Action item:
Transcribe the lines from the start of the data below through the line with "each defined once", word for word and nothing more.

━━ Records to process ━━

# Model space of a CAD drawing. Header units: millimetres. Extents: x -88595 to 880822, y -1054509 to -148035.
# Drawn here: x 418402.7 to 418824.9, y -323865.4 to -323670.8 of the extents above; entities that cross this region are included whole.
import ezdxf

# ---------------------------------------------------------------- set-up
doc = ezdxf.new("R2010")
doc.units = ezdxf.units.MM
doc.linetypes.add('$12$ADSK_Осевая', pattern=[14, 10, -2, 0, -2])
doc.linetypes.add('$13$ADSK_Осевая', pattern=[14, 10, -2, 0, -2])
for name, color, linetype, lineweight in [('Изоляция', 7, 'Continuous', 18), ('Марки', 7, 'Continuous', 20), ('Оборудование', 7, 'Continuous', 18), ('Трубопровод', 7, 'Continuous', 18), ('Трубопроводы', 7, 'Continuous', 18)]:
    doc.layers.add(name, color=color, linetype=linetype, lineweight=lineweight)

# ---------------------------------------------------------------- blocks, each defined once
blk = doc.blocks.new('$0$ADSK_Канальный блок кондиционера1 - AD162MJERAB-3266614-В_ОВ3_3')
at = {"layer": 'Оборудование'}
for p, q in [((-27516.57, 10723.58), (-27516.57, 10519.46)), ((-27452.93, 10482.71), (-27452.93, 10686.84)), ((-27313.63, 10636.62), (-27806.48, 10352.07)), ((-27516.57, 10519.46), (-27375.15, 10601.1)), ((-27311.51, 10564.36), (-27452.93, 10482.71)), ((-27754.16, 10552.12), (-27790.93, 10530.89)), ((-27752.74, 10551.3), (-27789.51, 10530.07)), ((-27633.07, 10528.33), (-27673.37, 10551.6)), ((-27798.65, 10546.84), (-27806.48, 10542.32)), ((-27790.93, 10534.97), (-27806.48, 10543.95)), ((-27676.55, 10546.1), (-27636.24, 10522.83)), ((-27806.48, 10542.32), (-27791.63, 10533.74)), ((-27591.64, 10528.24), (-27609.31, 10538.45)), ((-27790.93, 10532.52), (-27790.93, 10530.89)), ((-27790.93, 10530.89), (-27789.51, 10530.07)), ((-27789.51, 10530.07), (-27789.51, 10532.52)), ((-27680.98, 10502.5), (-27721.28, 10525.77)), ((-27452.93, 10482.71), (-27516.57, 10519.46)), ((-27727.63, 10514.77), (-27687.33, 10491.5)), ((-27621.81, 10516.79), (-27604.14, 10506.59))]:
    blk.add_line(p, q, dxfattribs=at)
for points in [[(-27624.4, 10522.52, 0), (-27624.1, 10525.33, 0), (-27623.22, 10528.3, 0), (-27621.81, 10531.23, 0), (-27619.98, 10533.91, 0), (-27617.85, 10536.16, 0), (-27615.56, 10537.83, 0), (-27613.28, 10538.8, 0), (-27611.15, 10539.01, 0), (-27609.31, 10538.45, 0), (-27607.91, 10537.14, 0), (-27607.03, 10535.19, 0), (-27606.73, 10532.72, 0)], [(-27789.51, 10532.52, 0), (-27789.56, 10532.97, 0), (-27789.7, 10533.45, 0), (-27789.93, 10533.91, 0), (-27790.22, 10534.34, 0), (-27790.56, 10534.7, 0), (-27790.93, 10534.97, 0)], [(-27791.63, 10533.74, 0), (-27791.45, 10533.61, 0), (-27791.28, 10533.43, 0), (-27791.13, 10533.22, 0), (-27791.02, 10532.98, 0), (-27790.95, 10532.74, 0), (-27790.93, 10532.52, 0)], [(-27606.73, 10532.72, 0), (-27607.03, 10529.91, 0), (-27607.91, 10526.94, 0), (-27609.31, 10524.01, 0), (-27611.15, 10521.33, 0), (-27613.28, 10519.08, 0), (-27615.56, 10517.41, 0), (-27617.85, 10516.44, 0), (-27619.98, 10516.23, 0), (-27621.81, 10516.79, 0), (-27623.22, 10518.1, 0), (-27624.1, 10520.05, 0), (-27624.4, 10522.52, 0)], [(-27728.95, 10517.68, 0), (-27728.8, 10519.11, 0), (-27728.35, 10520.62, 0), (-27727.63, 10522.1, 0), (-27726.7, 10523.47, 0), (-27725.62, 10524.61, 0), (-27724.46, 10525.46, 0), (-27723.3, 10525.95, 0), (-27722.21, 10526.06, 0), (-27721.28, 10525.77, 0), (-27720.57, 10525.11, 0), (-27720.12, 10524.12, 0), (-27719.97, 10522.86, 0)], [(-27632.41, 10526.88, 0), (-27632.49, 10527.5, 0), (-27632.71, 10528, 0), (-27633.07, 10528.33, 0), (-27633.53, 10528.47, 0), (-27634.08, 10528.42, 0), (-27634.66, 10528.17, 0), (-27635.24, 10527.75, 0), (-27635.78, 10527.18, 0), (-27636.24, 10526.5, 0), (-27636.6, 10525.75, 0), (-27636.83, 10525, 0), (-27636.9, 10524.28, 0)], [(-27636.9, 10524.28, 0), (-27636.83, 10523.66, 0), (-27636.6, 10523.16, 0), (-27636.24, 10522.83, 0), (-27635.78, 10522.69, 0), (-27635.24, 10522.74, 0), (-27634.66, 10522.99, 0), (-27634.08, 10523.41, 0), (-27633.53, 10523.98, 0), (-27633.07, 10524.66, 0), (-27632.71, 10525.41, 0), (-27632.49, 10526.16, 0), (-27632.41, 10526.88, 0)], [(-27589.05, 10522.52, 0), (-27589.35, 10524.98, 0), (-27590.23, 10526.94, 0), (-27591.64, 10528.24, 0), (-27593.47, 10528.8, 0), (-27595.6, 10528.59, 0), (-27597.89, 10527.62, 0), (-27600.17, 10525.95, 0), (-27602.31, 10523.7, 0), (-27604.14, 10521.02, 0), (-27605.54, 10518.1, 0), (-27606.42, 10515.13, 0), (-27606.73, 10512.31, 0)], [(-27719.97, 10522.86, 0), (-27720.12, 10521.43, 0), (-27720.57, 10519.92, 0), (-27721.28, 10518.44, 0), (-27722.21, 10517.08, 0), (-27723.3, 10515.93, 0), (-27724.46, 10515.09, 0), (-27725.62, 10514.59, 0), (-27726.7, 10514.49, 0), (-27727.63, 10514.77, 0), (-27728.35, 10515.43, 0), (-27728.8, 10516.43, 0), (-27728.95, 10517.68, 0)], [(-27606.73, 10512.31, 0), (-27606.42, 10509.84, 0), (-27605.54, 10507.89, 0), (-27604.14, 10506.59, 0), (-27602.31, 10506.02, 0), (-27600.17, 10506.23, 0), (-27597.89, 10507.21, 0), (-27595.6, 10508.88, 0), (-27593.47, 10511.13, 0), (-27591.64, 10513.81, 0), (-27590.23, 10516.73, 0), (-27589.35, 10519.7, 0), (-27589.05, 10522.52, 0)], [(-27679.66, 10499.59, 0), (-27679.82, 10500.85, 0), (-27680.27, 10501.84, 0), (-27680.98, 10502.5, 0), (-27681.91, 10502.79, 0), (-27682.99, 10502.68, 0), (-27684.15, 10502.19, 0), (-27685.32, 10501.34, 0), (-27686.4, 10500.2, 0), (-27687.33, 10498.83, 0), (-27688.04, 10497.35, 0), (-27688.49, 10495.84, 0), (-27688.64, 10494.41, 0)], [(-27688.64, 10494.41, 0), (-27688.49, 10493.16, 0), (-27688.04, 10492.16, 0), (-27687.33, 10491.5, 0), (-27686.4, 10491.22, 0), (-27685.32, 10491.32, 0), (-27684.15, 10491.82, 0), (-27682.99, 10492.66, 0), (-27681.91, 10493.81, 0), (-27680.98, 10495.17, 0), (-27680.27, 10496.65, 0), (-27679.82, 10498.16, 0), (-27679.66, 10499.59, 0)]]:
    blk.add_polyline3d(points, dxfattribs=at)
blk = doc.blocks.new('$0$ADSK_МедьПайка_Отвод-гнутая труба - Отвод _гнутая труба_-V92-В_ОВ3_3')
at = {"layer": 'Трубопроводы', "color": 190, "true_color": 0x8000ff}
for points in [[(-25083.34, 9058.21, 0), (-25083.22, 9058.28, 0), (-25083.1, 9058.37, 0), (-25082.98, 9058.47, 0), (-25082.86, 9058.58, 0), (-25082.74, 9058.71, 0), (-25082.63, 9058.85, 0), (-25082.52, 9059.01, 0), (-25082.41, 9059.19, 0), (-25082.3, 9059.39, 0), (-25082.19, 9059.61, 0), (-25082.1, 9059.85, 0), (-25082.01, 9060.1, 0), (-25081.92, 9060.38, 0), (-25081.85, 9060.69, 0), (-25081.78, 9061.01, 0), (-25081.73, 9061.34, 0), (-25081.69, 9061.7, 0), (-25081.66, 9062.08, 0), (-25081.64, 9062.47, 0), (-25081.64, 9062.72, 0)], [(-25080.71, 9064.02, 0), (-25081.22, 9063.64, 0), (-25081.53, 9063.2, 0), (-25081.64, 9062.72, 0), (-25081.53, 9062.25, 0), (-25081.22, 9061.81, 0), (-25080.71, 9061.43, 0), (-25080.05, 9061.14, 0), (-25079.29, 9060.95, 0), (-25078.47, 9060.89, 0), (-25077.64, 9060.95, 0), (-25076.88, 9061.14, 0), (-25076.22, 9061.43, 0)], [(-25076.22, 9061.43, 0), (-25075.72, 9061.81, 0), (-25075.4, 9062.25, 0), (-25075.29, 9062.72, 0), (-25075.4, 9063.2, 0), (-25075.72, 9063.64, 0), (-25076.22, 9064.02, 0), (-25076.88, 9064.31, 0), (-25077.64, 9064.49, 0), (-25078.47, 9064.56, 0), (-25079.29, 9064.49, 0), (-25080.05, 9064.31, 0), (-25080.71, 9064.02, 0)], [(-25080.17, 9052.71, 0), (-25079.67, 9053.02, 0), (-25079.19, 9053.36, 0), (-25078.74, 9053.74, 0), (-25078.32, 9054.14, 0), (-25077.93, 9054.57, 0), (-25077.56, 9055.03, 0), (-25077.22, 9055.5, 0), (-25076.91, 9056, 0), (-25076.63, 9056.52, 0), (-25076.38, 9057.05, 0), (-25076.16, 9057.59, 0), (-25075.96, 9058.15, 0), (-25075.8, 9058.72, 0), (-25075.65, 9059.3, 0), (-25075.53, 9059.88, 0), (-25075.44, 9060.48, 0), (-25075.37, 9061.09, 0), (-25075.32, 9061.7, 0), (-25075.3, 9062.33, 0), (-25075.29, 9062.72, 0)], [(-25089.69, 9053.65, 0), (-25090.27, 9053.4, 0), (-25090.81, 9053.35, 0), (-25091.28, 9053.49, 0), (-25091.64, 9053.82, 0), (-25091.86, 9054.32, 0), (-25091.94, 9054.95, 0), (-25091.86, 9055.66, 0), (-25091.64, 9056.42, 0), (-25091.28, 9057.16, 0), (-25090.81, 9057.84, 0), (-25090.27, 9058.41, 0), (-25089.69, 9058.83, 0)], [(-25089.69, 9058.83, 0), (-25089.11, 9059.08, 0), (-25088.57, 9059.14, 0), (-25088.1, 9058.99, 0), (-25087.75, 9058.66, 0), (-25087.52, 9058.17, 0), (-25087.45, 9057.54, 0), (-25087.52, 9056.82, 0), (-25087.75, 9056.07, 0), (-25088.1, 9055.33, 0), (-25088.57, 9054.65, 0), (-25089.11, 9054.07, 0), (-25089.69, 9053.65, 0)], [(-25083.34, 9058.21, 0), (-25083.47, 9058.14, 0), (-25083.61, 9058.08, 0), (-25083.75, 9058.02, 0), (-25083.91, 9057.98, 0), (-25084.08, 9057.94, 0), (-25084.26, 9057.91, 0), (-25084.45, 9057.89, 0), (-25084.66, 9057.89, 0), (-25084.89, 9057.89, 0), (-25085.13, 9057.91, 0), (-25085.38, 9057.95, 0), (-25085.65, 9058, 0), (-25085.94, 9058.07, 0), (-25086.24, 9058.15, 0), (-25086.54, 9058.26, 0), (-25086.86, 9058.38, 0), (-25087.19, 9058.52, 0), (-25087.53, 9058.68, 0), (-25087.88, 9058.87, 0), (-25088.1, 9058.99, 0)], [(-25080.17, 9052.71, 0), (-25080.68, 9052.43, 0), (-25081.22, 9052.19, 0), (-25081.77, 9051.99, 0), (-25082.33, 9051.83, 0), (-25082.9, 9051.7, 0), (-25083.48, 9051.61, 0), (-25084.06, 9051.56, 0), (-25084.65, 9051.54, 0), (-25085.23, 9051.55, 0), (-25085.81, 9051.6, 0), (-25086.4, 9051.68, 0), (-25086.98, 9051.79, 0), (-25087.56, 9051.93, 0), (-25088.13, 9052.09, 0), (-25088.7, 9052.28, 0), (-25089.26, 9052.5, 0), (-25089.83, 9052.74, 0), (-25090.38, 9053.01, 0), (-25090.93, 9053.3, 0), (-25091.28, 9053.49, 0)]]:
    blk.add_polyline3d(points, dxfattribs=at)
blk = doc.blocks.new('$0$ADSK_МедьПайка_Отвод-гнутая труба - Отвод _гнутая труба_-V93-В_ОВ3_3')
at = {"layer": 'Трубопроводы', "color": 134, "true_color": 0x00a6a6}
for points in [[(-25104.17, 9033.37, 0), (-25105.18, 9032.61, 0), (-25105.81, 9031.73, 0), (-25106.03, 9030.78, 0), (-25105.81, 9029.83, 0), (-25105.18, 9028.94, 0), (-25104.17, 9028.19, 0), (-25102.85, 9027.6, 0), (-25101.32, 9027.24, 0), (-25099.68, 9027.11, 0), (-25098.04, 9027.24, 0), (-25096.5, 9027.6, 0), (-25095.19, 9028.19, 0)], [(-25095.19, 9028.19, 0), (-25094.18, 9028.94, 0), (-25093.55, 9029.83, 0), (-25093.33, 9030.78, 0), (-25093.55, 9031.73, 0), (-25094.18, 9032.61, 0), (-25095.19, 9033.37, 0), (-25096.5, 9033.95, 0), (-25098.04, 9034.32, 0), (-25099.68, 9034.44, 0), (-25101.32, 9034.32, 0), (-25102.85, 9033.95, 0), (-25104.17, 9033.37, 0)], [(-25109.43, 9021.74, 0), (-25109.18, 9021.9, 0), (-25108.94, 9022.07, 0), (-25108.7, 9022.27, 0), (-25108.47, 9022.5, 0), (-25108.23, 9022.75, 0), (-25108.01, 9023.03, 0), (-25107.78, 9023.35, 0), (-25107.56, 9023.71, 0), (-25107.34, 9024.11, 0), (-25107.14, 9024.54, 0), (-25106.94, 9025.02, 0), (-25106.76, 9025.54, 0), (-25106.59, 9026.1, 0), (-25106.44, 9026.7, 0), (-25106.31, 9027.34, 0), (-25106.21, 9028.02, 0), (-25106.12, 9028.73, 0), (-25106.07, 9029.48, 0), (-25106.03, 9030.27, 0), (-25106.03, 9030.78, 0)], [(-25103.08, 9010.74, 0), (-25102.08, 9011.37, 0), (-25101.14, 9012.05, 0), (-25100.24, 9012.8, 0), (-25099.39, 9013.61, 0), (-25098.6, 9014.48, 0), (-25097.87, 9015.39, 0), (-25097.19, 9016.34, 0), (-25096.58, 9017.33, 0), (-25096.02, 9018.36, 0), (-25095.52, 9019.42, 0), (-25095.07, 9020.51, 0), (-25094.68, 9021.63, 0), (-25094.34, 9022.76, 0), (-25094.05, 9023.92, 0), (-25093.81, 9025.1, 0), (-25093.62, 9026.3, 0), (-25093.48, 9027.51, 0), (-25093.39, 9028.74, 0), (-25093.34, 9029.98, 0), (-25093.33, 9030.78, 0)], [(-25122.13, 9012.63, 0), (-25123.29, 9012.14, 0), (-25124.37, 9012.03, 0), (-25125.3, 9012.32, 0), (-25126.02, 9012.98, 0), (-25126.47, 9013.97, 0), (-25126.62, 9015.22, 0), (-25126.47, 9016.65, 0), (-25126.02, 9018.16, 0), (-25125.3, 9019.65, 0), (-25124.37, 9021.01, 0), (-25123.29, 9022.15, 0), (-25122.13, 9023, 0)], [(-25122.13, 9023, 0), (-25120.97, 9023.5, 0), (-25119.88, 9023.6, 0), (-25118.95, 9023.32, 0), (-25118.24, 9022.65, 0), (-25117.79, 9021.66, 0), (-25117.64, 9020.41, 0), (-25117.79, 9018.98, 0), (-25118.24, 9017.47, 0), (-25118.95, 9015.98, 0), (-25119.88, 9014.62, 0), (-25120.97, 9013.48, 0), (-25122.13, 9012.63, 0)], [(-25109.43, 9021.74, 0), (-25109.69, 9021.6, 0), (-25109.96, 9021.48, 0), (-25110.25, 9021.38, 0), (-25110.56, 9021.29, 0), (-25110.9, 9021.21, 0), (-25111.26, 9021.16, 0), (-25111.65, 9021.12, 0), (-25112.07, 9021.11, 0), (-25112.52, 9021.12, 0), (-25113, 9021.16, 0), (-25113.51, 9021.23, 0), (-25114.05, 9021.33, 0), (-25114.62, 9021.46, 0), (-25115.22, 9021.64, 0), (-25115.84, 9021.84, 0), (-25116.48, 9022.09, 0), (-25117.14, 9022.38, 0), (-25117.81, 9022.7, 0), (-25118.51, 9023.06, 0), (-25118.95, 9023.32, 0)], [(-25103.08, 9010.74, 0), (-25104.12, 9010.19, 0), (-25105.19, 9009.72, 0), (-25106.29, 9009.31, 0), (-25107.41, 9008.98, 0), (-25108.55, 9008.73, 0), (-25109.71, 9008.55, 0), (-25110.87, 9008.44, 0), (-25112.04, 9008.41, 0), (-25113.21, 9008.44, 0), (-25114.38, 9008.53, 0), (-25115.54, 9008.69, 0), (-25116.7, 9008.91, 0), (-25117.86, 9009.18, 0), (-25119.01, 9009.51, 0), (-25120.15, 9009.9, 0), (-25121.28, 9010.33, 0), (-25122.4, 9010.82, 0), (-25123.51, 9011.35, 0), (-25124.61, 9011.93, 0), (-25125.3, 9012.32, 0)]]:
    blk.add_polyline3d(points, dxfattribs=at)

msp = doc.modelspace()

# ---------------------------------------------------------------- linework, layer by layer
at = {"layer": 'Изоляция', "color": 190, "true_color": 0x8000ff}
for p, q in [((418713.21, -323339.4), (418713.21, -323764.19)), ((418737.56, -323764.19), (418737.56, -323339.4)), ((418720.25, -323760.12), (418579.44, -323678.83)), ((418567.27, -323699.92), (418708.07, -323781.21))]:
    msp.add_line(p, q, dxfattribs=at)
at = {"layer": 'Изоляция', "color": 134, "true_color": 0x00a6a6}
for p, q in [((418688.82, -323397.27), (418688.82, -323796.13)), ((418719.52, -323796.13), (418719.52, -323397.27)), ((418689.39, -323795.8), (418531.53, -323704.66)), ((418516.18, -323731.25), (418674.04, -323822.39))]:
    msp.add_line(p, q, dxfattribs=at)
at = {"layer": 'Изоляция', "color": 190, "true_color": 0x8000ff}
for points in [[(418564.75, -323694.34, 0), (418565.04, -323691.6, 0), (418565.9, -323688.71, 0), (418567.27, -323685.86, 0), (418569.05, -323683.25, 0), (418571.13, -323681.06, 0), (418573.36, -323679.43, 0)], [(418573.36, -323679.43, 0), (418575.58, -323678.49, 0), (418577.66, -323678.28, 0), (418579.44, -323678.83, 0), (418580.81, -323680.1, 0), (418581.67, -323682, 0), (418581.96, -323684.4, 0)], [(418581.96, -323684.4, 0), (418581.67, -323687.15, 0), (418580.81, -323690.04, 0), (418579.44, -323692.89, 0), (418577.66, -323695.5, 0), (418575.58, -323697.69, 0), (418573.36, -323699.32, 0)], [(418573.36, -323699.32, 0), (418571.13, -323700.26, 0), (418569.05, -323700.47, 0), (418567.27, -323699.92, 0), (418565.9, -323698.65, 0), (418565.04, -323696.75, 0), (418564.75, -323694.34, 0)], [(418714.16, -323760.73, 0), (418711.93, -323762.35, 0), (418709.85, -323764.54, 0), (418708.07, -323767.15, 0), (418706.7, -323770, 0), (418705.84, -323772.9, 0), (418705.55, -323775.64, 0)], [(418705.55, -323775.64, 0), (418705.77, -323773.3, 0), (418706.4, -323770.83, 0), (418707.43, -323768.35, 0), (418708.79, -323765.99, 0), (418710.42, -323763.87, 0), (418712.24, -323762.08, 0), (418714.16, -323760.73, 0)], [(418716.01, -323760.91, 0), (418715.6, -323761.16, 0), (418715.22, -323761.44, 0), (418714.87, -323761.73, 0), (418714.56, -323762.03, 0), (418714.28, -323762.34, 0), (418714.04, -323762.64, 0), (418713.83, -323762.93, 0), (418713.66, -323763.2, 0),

━━━

Exercise result:
# Model space of a CAD drawing. Header units: millimetres. Extents: x -88595 to 880822, y -1054509 to -148035.
# Drawn here: x 418402.7 to 418824.9, y -323865.4 to -323670.8 of the extents above; entities that cross this region are included whole.
import ezdxf

# ---------------------------------------------------------------- set-up
doc = ezdxf.new("R2010")
doc.units = ezdxf.units.MM
doc.linetypes.add('$12$ADSK_Осевая', pattern=[14, 10, -2, 0, -2])
doc.linetypes.add('$13$ADSK_Осевая', pattern=[14, 10, -2, 0, -2])
for name, color, linetype, lineweight in [('Изоляция', 7, 'Continuous', 18), ('Марки', 7, 'Continuous', 20), ('Оборудование', 7, 'Continuous', 18), ('Трубопровод', 7, 'Continuous', 18), ('Трубопроводы', 7, 'Continuous', 18)]:
    doc.layers.add(name, color=color, linetype=linetype, lineweight=lineweight)

# ---------------------------------------------------------------- blocks, each defined once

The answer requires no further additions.